FDA approves the first U.S. coronavirus treatment with recovered plasma

Can the blood of coronavirus survivors treat the newly sick

The technique has been around for centuries and was used during the 1918 flu pandemic.

Treatment may be the best hope for COVID-19 patients with serious illnesses, while scientists are working on developing new and specific treatments for the disease and testing experimental drugs such as chloroquine and remdesivir.

The FDA's decision comes a day after New York Gov. Andrew Cuomo announced that the state's health department planned to begin treating the sickest coronavirus patients with antibody-rich plasma extracted from the blood of those who've recovered. Returning travellers are asked to self-isolate for 14 days in case they develop symptoms and to prevent spreading the virus to others. And initial reports from China suggest convalescent plasma might also be effective in dulling the effects of COVID-19.

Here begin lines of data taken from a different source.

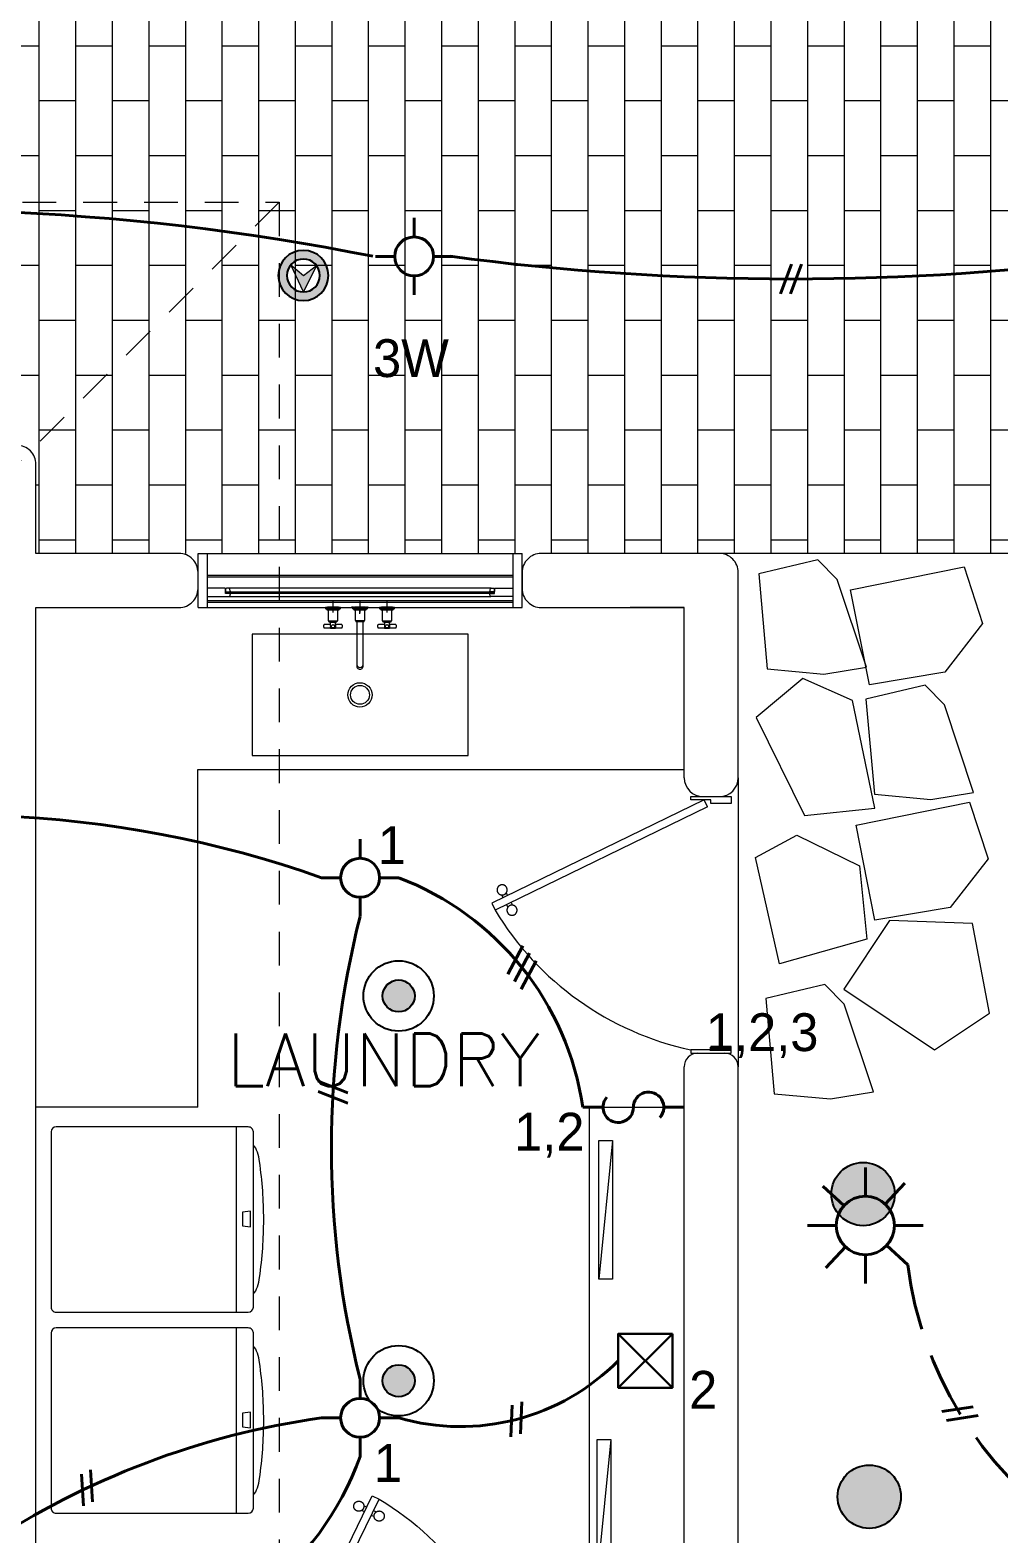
# Model space of a CAD drawing. Header units: metres. Extents: x 14 to 2416, y -346 to 476.
# Drawn here: x 35.93 to 39.52, y -88.26 to -82.69 of the extents above; entities that cross this region are included whole.
import ezdxf

# ---------------------------------------------------------------- set-up
doc = ezdxf.new("R2010")
doc.units = ezdxf.units.M
for name, pattern in [('0', [0]), ('CENTER2', [28.575, 19.05, -3.175, 3.175, -3.175]), ('CONTINUA', [0]), ('Dash Style-2', [0.694425, 0.48607, -0.208355]), ('HIDDEN2', [0.1875, 0.125, -0.0625])]:
    doc.linetypes.add(name, pattern=pattern)
doc.layers.get('0').update_dxf_attribs({"linetype": '0', "lineweight": 20})
for name, color, linetype, lineweight in [('A-ANNO-TEXT', 20, 'Continuous', 13), ('A-DOOR', 35, 'Continuous', 5), ('A-WALL', 250, 'Continuous', 20), ('baños', 251, 'Continuous', 0), ('calle', 254, 'Continuous', 0), ('cristales', 131, 'Continuous', 0), ('E Registro Electrico', 36, 'Continuous', 30), ('E Salida Interruptores', 22, 'Continuous', 40), ('E Salida Luces', 22, 'Continuous', 40), ('E Tuberia Emp Losa', 22, 'Continuous', 40), ('E Tuberia Emp Piso', 24, 'Dash Style-2', 40), ('MAVA', 1, 'Continuous', 15), ('MAVA -LUMINARIAS', 1, 'Continuous', 18), ('MOB FIJOS', 251, 'Continuous', 0), ('MOBILIARIOS', 252, 'Continuous', 0), ('piso', 253, 'Continuous', 0), ('textos', 7, 'Continuous', 0)]:
    doc.layers.add(name, color=color, linetype=linetype, lineweight=lineweight)
doc.layers.add('hatch piso', color=253, linetype='Continuous', lineweight=0, transparency=0.7)
doc.layers.add('MAVA LUM', color=1, linetype='Continuous')
doc.layers.add('MAVA Luminarias', color=1, linetype='Continuous')
doc.layers.add('Techos 1', color=7, linetype='HIDDEN2', lineweight=9, true_color=0x42391a)
doc.styles.add('CENTURY GOTHIC', font='GOTHIC.TTF')
doc.styles.add('DIMTEXT', font='dim.shx', dxfattribs={"width": 0.75})
doc.styles.get("Standard").update_dxf_attribs({"font": 'arial.ttf', "height": 0.1875})

# ---------------------------------------------------------------- blocks, each defined once
blk = doc.blocks.new('dl ip')
at = {"layer": 'MAVA', "true_color": 0xf8991e, "transparency": 33554687}
h = blk.add_hatch(color=30, dxfattribs=at)
h.dxf.hatch_style = 1
h.paths.add_polyline_path([(94.7574, -111.2088), (94.7109, -111.2482), (94.6624, -111.2113), (94.7109, -111.3092)])
at = {"layer": 'MAVA Luminarias', "linetype": 'Continuous', "true_color": 0xf8991e}
h = blk.add_hatch(color=30, dxfattribs=at)
h.paths.add_polyline_path([(94.618, -111.2482, 1), (94.8039, -111.2482, 1)])
h.paths.add_polyline_path([(94.7719, -111.2482, -1), (94.6499, -111.2482, -1)], flags=16)
at = {"layer": 'MAVA', "color": 30, "true_color": 0xf8991e}
for p, q in [((94.7109, -111.2482), (94.6624, -111.2113)), ((94.6624, -111.2113), (94.7109, -111.3092)), ((94.7109, -111.3092), (94.7574, -111.2088)), ((94.7574, -111.2088), (94.7109, -111.2482))]:
    blk.add_line(p, q, dxfattribs=at)
at = {"layer": 'MAVA Luminarias', "color": 30, "linetype": 'Continuous', "true_color": 0xf8991e}
for radius in [0.093, 0.061]:
    blk.add_circle((94.7109, -111.2482), radius, dxfattribs=at)
blk = doc.blocks.new('SUPERFICIAL')
at = {"layer": 'MAVA LUM'}
h = blk.add_hatch(color=256, dxfattribs=at)
h.dxf.hatch_style = 1
edge = h.paths.add_edge_path()
edge.add_arc((0.0008, 0.0016), 0.059, 0, 360)
for radius in [0.1303, 0.0593]:
    blk.add_circle((0.0008, 0.0016, 0), radius, dxfattribs=at)
at = {"ltscale": 1e-05, "style": 'DIMTEXT', "flags": 1}
blk.add_attdef('MULTIPLICADOR', (0.0928, 0.4687), '', height=0.15, dxfattribs=at)
blk = doc.blocks.new('A$Cd6acdfdc')
at = {"layer": 'MAVA Luminarias', "transparency": 33554687}
blk.add_hatch(color=2, dxfattribs=at).paths.add_polyline_path([(0, 0.079, 1), (0.158, 0.079, 1)])
at = {"layer": 'MAVA Luminarias', "color": 2, "transparency": 33554687}
blk.add_circle((0.079, 0.079), 0.079, dxfattribs=at)
blk = doc.blocks.new('undercounter')
at = {"layer": 'MAVA -LUMINARIAS', "lineweight": 0}
h = blk.add_hatch(dxfattribs=at)
h.set_pattern_fill('ANGLE', color=6)
h.set_pattern_definition([(0, (0, 0), (0, 6.985), [5.08, -1.905]), (90, (0, 0), (-6.985, 4e-16), [5.08, -1.905])])
h.paths.add_polyline_path([(19.338, 1.5834), (19.338, 1.5173), (20.0151, 1.5173)])
at = {"layer": 'MAVA -LUMINARIAS', "color": 6, "lineweight": 0}
blk.add_line((19.338, 1.5834), (20.0151, 1.5173), dxfattribs=at)
blk.add_lwpolyline([(19.338, 1.5834), (20.0151, 1.5834), (20.0151, 1.5173), (19.338, 1.5173)], close=True, dxfattribs=at)
blk = doc.blocks.new('bn29-63')
at = {"linetype": 'CENTER2'}
for p, q in [((-0.1, 0.02), (-0.1, -0.02)), ((-0.025, 0), (-0.031, 0)), ((0.02, 0), (-0.02, 0)), ((0, 0.025), (0, 0.0035)), ((0, 0.02), (0, -0.02)), ((0.025, 0), (0.031, 0)), ((0.1, 0.02), (0.1, -0.02)), ((-0.08, 0), (-0.12, 0)), ((0, -0.025), (0, -0.0035)), ((0.12, 0), (0.08, 0))]:
    blk.add_line(p, q, dxfattribs=at)
at = {"linetype": 'Continuous'}
for p, q in [((-0.0275, 0), (-0.0275, -0.0055)), ((0.0275, -0.0055), (0.0275, 0)), ((-0.1275, 0), (-0.0725, 0)), ((-0.1275, 0), (-0.1275, -0.0055)), ((-0.127, -0.006), (-0.073, -0.006)), ((-0.1225, -0.0065), (-0.1225, -0.0095)), ((-0.122, -0.01), (-0.078, -0.01)), ((-0.118, -0.01), (-0.118, -0.0505)), ((-0.1175, -0.051), (-0.0825, -0.051)), ((-0.1148, -0.051), (-0.1148, -0.0547)), ((-0.1144, -0.0552), (-0.0856, -0.0552)), ((-0.1098, -0.0554), (-0.0903, -0.0554)), ((-0.1098, -0.0554), (-0.1098, -0.0674)), ((-0.1089, -0.0552), (-0.1089, -0.0554)), ((-0.0911, -0.0554), (-0.0911, -0.0552)), ((-0.0903, -0.0675), (-0.0903, -0.0554)), ((-0.0851, -0.0547), (-0.0851, -0.051)), ((-0.082, -0.0505), (-0.082, -0.01)), ((-0.0775, -0.0095), (-0.0775, -0.0065)), ((-0.0725, -0.0055), (-0.0725, 0)), ((-0.0225, -0.007), (-0.0225, -0.0095)), ((-0.018, -0.011), (-0.018, -0.0495)), ((-0.015, -0.051), (-0.015, -0.0535)), ((-0.0115, -0.055), (-0.0115, -0.1745)), ((0.0115, -0.1745), (0.0115, -0.055)), ((0.015, -0.0535), (0.015, -0.051)), ((0.018, -0.0495), (0.018, -0.011)), ((0.0225, -0.0095), (0.0225, -0.007)), ((0.0725, 0), (0.1275, 0)), ((0.0725, 0), (0.0725, -0.0055)), ((0.073, -0.006), (0.127, -0.006)), ((0.0775, -0.0065), (0.0775, -0.0095)), ((0.078, -0.01), (0.122, -0.01)), ((0.082, -0.01), (0.082, -0.0505)), ((0.0825, -0.051), (0.1175, -0.051)), ((0.0851, -0.051), (0.0851, -0.0547)), ((0.0856, -0.0552), (0.1144, -0.0552)), ((0.0902, -0.0554), (0.1097, -0.0554)), ((0.0902, -0.0554), (0.0902, -0.0674)), ((0.0911, -0.0552), (0.0911, -0.0554)), ((0.1089, -0.0554), (0.1089, -0.0552)), ((0.1097, -0.0675), (0.1097, -0.0554)), ((0.1148, -0.0547), (0.1148, -0.051)), ((0.118, -0.0505), (0.118, -0.01)), ((0.1225, -0.0095), (0.1225, -0.0065)), ((0.1275, -0.0055), (0.1275, 0)), ((-0.1353, -0.0707), (-0.1353, -0.0709)), ((-0.1353, -0.0709), (-0.1353, -0.0711)), ((-0.1098, -0.0649), (-0.132, -0.0649)), ((-0.132, -0.0769), (-0.1098, -0.0769)), ((-0.1098, -0.0743), (-0.1098, -0.0779)), ((-0.1092, -0.0784), (-0.0908, -0.0784)), ((-0.068, -0.0649), (-0.0903, -0.0649)), ((-0.0903, -0.0779), (-0.0903, -0.0744)), ((-0.0903, -0.0769), (-0.068, -0.0769)), ((-0.0647, -0.0709), (-0.0647, -0.0708)), ((-0.0647, -0.0711), (-0.0647, -0.0709)), ((0.0647, -0.0707), (0.0647, -0.0709)), ((0.0647, -0.0709), (0.0647, -0.0711)), ((0.0902, -0.0649), (0.068, -0.0649)), ((0.068, -0.0769), (0.0902, -0.0769)), ((0.0902, -0.0743), (0.0902, -0.0779)), ((0.0908, -0.0784), (0.1092, -0.0784)), ((0.132, -0.0649), (0.1097, -0.0649)), ((0.1097, -0.0779), (0.1097, -0.0744)), ((0.1097, -0.0769), (0.132, -0.0769)), ((0.1353, -0.0709), (0.1353, -0.0708)), ((0.1353, -0.0711), (0.1353, -0.0709)), ((-0.0116, -0.2129), (-0.0116, -0.2196)), ((-0.0115, -0.1745), (-0.0115, -0.2108)), ((-0.0115, -0.2108), (-0.0115, -0.2129)), ((0.0115, -0.2108), (0.0115, -0.1745)), ((0.0115, -0.2129), (0.0115, -0.2108)), ((0.0116, -0.2196), (0.0116, -0.2129))]:
    blk.add_line(p, q, dxfattribs=at)
for centre in [(-0.1, -0.0709), (0.1, -0.0709)]:
    blk.add_circle(centre, 0.006, dxfattribs=at)
for centre, radius, start, end in [((-0.127, -0.0055), 0.0005, 180, 270), ((-0.123, -0.0065), 0.0005, 0, 90), ((-0.122, -0.0095), 0.0005, 180, 270), ((-0.1175, -0.0505), 0.0005, 180, 270), ((-0.1144, -0.0547), 0.0005, 180, 270), ((-0.0856, -0.0547), 0.0005, 270, 0), ((-0.0825, -0.0505), 0.0005, 270, 0), ((-0.078, -0.0095), 0.0005, 270, 0), ((-0.077, -0.0065), 0.0005, 90, 180), ((-0.073, -0.0055), 0.0005, 270, 0), ((-0.027, -0.0055), 0.000484, 180.5909, 257.2082), ((-0.0118, 2.0449), 2.0509, 269.6737, 270.0229), ((-0.0235, -0.007), 0.000994, 359.9015, 76.9051), ((-0.019, -0.011), 0.000956, 357.6447, 77.7093), ((-0.0175, -0.0495), 0.000478, 178.2673, 257.1382), ((-0.016, -0.051), 0.000959, 357.75, 77.9919), ((-0.0125, -0.055), 0.000979, 359.4823, 72.3164), ((0.0125, -0.055), 0.000994, 107.8916, 180.1174), ((0.0145, -0.0535), 0.000492, 288.0948, 0.3106), ((0.016, -0.051), 0.000997, 103.3628, 180.0254), ((0.0175, -0.0495), 0.000475, 305.7664, 0.8101), ((0.019, -0.011), 0.000999, 105.4862, 180.0003), ((0.022, -0.0095), 0.000468, 302.2695, 1.2177), ((0.0235, -0.007), 0.000969, 105.515, 182.3446), ((0.073, -0.0055), 0.0005, 180, 270), ((0.077, -0.0065), 0.0005, 0, 90), ((0.078, -0.0095), 0.0005, 180, 270), ((0.0825, -0.0505), 0.0005, 180, 270), ((0.0856, -0.0547), 0.0005, 180, 270), ((0.1144, -0.0547), 0.0005, 270, 0), ((0.1175, -0.0505), 0.0005, 270, 0), ((0.122, -0.0095), 0.0005, 270, 0), ((0.123, -0.0065), 0.0005, 90, 180), ((0.127, -0.0055), 0.0005, 270, 0), ((-0.1092, -0.0779), 0.0005, 180, 270), ((-0.0908, -0.0779), 0.0005, 270, 0), ((0.0908, -0.0779), 0.0005, 180, 270), ((0.1092, -0.0779), 0.0005, 270, 0), ((0, -0.2181), 0.0121, 213.9793, 325.1602)]:
    blk.add_arc(centre, radius, start, end, dxfattribs=at)
for centre, major_axis, ratio, start_param, end_param in [((0, 0), (0.0275, 0), 0.000034, 2.667121, 6.283185), ((0, 0), (0.0259, 0), 0.000034, 2.815846, 6.283185), ((0, 0), (0.0275, 0), 0.000034, 0, 0.47639), ((0, 0), (0.0259, 0), 0.000034, 0, 0.327867), ((0, -0.006), (0.027, 0), 0.000034, 3.141456, 6.282925), ((0, -0.01), (0.022, 0), 0.000034, 3.142066, 6.283185), ((0, -0.05), (0.0175, 0), 0.000034, 2.696758, 6.283185), ((0, -0.054), (0.0145, 0), 0.000034, 3.141569, 6.283185), ((0, -0.05), (0.0175, 0), 0.000034, 0, 0.440577), ((0, -0.2129), (0.0116, 0), 0.906322, 3.141593, 6.283185), ((0, -0.2196), (0.0116, 0), 0.906322, 3.141593, 3.655143), ((0, -0.2129), (0.0115, 0), 0.906322, 3.141593, 6.283185), ((0, -0.2196), (0.0116, 0), 0.906322, 5.752494, 6.283185)]:
    blk.add_ellipse(centre, major_axis=major_axis, ratio=ratio, start_param=start_param, end_param=end_param, dxfattribs=at)
for points, knots in [([(-0.0225, -0.0095), (-0.0225, -0.0095), (-0.0225, -0.0096), (-0.0225, -0.0097), (-0.0224, -0.0098), (-0.0223, -0.0099), (-0.0222, -0.01), (-0.0222, -0.01), (-0.0221, -0.01)], [0, 0, 0, 0, 0.042757, 0.325645, 0.547786, 0.733379, 0.889807, 1, 1, 1, 1]), ([(-0.015, -0.0535), (-0.015, -0.0535), (-0.015, -0.0536), (-0.015, -0.0537), (-0.0149, -0.0538), (-0.0148, -0.0539), (-0.0147, -0.054), (-0.0146, -0.054), (-0.0146, -0.054), (-0.0146, -0.054)], [0, 0, 0, 0, 0.071045, 0.33477, 0.544053, 0.719742, 0.867475, 0.987287, 1, 1, 1, 1]), ([(0.0271, -0.006), (0.0272, -0.006), (0.0272, -0.0059), (0.0274, -0.0058), (0.0275, -0.0057), (0.0275, -0.0056), (0.0275, -0.0055), (0.0275, -0.0055)], [0, 0, 0, 0, 0.168578, 0.402971, 0.679997, 0.948361, 1, 1, 1, 1]), ([(-0.1321, -0.0649), (-0.1321, -0.0649), (-0.1324, -0.0649), (-0.1329, -0.0651), (-0.1335, -0.0655), (-0.134, -0.066), (-0.1344, -0.0668), (-0.1348, -0.0677), (-0.1351, -0.0687), (-0.1353, -0.0697), (-0.1353, -0.0704), (-0.1353, -0.0707)], [0, 0, 0, 0, 0.045604, 0.158159, 0.271631, 0.39062, 0.514613, 0.640295, 0.76551, 0.890129, 1, 1, 1, 1]), ([(-0.1353, -0.0711), (-0.1353, -0.0712), (-0.1353, -0.0717), (-0.1352, -0.0726), (-0.135, -0.0736), (-0.1346, -0.0746), (-0.1342, -0.0754), (-0.1337, -0.0761), (-0.1332, -0.0766), (-0.1326, -0.0769), (-0.1322, -0.0769), (-0.1321, -0.0769)], [0, 0, 0, 0, 0.048847, 0.173034, 0.297636, 0.422848, 0.549037, 0.676469, 0.804317, 0.914337, 1, 1, 1, 1]), ([(-0.1098, -0.0674), (-0.1098, -0.0678), (-0.1097, -0.0681), (-0.1097, -0.0693), (-0.1097, -0.0701), (-0.1097, -0.0722), (-0.1098, -0.0734), (-0.1098, -0.0743)], [0.4022822, 0.4022822, 0.4022822, 0.4022822, 0.4375, 0.4375, 0.5, 0.5, 0.5975436, 0.5975436, 0.5975436, 0.5975436]), ([(-0.0903, -0.0675), (-0.0903, -0.0678), (-0.0903, -0.0682), (-0.0903, -0.0693), (-0.0903, -0.0701), (-0.0903, -0.0709)], [0.90411341, 0.90411341, 0.90411341, 0.90411341, 0.9375, 0.9375, 1, 1, 1, 1]), ([(-0.0647, -0.0708), (-0.0647, -0.0706), (-0.0647, -0.0701), (-0.0648, -0.0692), (-0.065, -0.0682), (-0.0654, -0.0672), (-0.0658, -0.0664), (-0.0663, -0.0657), (-0.0668, -0.0652), (-0.0674, -0.0649), (-0.0678, -0.0649), (-0.0679, -0.0649)], [0, 0, 0, 0, 0.048847, 0.173034, 0.297636, 0.422848, 0.549037, 0.676469, 0.804317, 0.914337, 1, 1, 1, 1]), ([(-0.0679, -0.0769), (-0.0679, -0.0769), (-0.0676, -0.0769), (-0.0671, -0.0767), (-0.0665, -0.0763), (-0.066, -0.0758), (-0.0656, -0.075), (-0.0652, -0.0742), (-0.0649, -0.0731), (-0.0647, -0.0721), (-0.0647, -0.0714), (-0.0647, -0.0711)], [0, 0, 0, 0, 0.045604, 0.158159, 0.271631, 0.39062, 0.514613, 0.640295, 0.76551, 0.890129, 1, 1, 1, 1]), ([(0.0679, -0.0649), (0.0679, -0.0649), (0.0676, -0.0649), (0.0671, -0.0651), (0.0665, -0.0655), (0.066, -0.066), (0.0656, -0.0668), (0.0652, -0.0677), (0.0649, -0.0687), (0.0647, -0.0697), (0.0647, -0.0704), (0.0647, -0.0707)], [0, 0, 0, 0, 0.045604, 0.158159, 0.271631, 0.39062, 0.514613, 0.640295, 0.76551, 0.890129, 1, 1, 1, 1]), ([(0.0647, -0.0711), (0.0647, -0.0712), (0.0647, -0.0717), (0.0648, -0.0726), (0.065, -0.0736), (0.0654, -0.0746), (0.0658, -0.0754), (0.0663, -0.0761), (0.0668, -0.0766), (0.0674, -0.0769), (0.0678, -0.0769), (0.0679, -0.0769)], [0, 0, 0, 0, 0.048847, 0.173034, 0.297636, 0.422848, 0.549037, 0.676469, 0.804317, 0.914337, 1, 1, 1, 1]), ([(0.0902, -0.0674), (0.0902, -0.0678), (0.0903, -0.0681), (0.0903, -0.0693), (0.0903, -0.0701), (0.0903, -0.0722), (0.0902, -0.0734), (0.0902, -0.0743)], [0.4022822, 0.4022822, 0.4022822, 0.4022822, 0.4375, 0.4375, 0.5, 0.5, 0.5975436, 0.5975436, 0.5975436, 0.5975436]), ([(0.1097, -0.0675), (0.1097, -0.0678), (0.1097, -0.0682), (0.1097, -0.0693), (0.1097, -0.0701), (0.1097, -0.0709)], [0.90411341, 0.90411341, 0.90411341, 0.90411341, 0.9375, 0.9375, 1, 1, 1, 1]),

The FDA is not approving using plasma as a treatment, instead using it as a clinical trial and for the treatment of those who are critically ill.

Most requests will receive a response from the FDA within four to eight hours, according to the agency's statement. For patients who require treatment faster, doctors can call the FDA's Office of Emergency Operations to get approval over the phone.

The procedure, called "convalescent plasma transfusion", extracts blood plasma from survivors of the coronavirus disease and infuses it to now COVID-19 positive patients. The Researchers will then evaluate whether convalescent plasma improves disease outcomes. Therefore, given the public health emergency that the expanding COVID-19 outbreak presents, while clinical trials are being conducted, FDA is facilitating access to COVID-19 convalescent plasma for use in patients with serious or immediately life-threatening COVID-19 infections through the process of single patient emergency Investigational New Drug Applications (eINDs) for Individual patients under 21 CFR 312.310.

Health officials are also working on a serological drug that tests whether a person already has the antibodies that prove they've recovered from coronavirus.

On March 23, the NY governor, Andrew Cuomo, said that "We think it shows promise" using convalescent plasma to help with the state's hospitalization response to the outbreak.